- EXTRACTED ENTRIES:
-=-=-=-=-

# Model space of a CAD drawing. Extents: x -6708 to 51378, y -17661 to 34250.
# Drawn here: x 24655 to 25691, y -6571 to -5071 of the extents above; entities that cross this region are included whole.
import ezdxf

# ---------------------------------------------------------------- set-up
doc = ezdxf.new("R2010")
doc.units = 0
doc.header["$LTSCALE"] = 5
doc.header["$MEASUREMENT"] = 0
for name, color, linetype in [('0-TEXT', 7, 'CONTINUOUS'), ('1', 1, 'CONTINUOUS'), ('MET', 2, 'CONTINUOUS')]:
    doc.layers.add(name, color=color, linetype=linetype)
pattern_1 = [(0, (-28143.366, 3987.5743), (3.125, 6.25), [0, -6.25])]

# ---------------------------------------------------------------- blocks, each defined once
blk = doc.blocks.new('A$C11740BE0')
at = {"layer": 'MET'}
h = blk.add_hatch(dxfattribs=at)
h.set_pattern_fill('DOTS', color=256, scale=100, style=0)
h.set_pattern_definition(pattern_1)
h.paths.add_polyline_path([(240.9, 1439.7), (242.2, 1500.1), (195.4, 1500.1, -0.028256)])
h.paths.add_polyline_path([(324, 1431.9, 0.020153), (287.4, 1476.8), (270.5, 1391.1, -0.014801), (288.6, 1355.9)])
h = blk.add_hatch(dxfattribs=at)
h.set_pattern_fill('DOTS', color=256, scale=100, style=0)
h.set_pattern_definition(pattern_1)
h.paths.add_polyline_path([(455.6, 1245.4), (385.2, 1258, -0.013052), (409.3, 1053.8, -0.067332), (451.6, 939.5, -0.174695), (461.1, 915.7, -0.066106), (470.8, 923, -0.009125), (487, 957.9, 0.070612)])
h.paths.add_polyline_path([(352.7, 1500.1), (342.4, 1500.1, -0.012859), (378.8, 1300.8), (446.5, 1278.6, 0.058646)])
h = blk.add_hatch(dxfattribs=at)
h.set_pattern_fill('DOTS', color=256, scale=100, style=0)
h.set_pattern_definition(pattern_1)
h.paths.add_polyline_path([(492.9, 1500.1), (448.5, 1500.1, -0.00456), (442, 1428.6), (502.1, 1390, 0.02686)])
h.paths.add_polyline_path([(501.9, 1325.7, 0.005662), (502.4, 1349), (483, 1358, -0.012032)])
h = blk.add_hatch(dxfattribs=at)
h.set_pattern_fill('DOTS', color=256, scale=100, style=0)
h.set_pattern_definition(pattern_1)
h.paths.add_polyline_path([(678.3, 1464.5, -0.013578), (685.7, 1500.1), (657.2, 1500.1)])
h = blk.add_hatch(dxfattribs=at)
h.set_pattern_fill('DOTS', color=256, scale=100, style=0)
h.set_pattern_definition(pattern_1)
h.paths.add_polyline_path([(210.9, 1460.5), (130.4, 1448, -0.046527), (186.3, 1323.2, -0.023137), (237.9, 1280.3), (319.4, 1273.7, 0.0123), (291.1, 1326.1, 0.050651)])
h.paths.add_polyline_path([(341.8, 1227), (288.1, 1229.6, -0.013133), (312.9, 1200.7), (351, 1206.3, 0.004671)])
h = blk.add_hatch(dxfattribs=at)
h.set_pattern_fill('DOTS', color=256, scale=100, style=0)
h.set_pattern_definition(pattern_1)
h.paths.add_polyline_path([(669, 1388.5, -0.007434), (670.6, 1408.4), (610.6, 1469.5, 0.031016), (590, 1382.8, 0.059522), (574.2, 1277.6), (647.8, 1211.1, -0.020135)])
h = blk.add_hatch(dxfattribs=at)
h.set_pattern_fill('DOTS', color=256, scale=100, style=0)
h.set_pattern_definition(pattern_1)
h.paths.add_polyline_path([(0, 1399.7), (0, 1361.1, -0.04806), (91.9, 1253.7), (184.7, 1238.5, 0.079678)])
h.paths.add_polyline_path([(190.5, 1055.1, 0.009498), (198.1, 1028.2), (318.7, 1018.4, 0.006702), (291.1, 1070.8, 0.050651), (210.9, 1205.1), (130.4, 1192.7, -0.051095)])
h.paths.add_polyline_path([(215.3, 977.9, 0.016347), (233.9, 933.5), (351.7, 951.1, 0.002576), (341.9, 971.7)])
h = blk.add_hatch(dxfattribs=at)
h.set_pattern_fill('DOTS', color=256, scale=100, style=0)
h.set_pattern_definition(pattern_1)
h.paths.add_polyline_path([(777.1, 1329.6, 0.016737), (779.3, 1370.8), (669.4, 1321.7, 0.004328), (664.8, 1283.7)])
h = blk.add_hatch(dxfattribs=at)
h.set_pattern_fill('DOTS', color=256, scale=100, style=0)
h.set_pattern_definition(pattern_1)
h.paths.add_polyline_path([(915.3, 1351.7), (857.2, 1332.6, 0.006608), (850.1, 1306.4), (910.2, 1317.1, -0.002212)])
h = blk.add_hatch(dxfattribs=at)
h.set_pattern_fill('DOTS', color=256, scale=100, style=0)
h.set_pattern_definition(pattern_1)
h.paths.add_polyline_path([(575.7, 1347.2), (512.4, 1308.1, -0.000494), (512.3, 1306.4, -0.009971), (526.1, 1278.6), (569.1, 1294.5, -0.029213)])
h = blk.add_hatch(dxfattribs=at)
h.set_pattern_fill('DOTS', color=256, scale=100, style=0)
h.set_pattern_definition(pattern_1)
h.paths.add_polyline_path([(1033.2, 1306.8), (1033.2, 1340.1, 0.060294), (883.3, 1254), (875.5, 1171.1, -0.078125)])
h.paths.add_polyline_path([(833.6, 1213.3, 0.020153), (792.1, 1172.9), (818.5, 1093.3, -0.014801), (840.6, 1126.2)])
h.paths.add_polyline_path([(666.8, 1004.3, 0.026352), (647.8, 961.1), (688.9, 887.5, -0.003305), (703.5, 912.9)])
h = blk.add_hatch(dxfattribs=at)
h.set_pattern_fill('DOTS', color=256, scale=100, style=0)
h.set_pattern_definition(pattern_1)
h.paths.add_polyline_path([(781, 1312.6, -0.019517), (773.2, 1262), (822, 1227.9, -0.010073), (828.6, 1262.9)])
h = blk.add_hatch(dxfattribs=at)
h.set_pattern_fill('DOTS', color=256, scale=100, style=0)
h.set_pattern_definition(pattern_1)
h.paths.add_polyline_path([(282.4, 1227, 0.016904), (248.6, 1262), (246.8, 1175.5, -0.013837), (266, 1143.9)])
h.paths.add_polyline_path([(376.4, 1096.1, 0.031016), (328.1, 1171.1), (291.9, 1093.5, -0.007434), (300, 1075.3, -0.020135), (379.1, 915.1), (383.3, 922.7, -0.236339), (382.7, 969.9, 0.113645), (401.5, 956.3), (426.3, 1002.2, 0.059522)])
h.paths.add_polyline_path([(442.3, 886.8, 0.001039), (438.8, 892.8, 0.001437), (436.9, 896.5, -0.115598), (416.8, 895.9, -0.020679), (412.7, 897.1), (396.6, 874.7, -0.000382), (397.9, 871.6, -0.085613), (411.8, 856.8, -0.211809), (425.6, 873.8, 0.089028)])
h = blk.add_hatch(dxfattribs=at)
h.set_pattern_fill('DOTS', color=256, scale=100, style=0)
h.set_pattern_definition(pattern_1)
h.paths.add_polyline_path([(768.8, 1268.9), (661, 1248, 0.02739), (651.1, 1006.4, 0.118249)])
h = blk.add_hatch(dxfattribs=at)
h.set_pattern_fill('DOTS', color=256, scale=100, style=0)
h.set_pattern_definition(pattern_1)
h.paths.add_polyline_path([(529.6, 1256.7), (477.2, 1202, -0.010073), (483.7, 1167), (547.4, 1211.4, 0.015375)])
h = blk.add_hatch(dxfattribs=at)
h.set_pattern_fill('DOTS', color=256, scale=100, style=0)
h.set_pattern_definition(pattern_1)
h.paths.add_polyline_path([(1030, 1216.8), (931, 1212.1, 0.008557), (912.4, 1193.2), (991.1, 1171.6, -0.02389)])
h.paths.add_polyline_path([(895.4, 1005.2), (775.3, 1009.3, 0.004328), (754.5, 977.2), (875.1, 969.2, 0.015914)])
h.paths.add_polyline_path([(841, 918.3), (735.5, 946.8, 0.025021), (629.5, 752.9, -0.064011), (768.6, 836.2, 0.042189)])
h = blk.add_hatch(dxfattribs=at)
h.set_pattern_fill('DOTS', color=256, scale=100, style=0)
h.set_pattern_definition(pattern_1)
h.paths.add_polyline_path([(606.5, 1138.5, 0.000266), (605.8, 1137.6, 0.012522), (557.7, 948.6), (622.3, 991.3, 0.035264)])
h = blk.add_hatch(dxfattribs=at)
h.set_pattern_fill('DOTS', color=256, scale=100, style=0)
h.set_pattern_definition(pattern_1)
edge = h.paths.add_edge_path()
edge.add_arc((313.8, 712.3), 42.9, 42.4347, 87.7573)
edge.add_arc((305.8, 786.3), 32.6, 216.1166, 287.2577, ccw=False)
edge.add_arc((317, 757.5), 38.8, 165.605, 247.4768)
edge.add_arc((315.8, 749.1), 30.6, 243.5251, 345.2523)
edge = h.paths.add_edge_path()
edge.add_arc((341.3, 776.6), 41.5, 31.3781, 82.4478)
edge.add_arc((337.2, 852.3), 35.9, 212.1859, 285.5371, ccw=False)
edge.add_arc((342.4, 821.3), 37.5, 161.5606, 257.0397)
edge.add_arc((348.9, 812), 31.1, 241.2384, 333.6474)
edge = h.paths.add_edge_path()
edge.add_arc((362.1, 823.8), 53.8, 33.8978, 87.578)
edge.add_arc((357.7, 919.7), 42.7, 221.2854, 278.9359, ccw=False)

-=-=-=-=-

- TRY IT: Write out the records exactly, starting at the first line and stopping after the line that contains "doc.layers.add(name, color=color, linetype=linetype)".

- TASK ANSWER:
# Model space of a CAD drawing. Extents: x -6708 to 51378, y -17661 to 34250.
# Drawn here: x 24655 to 25691, y -6571 to -5071 of the extents above; entities that cross this region are included whole.
import ezdxf

# ---------------------------------------------------------------- set-up
doc = ezdxf.new("R2010")
doc.units = 0
doc.header["$LTSCALE"] = 5
doc.header["$MEASUREMENT"] = 0
for name, color, linetype in [('0-TEXT', 7, 'CONTINUOUS'), ('1', 1, 'CONTINUOUS'), ('MET', 2, 'CONTINUOUS')]:
    doc.layers.add(name, color=color, linetype=linetype)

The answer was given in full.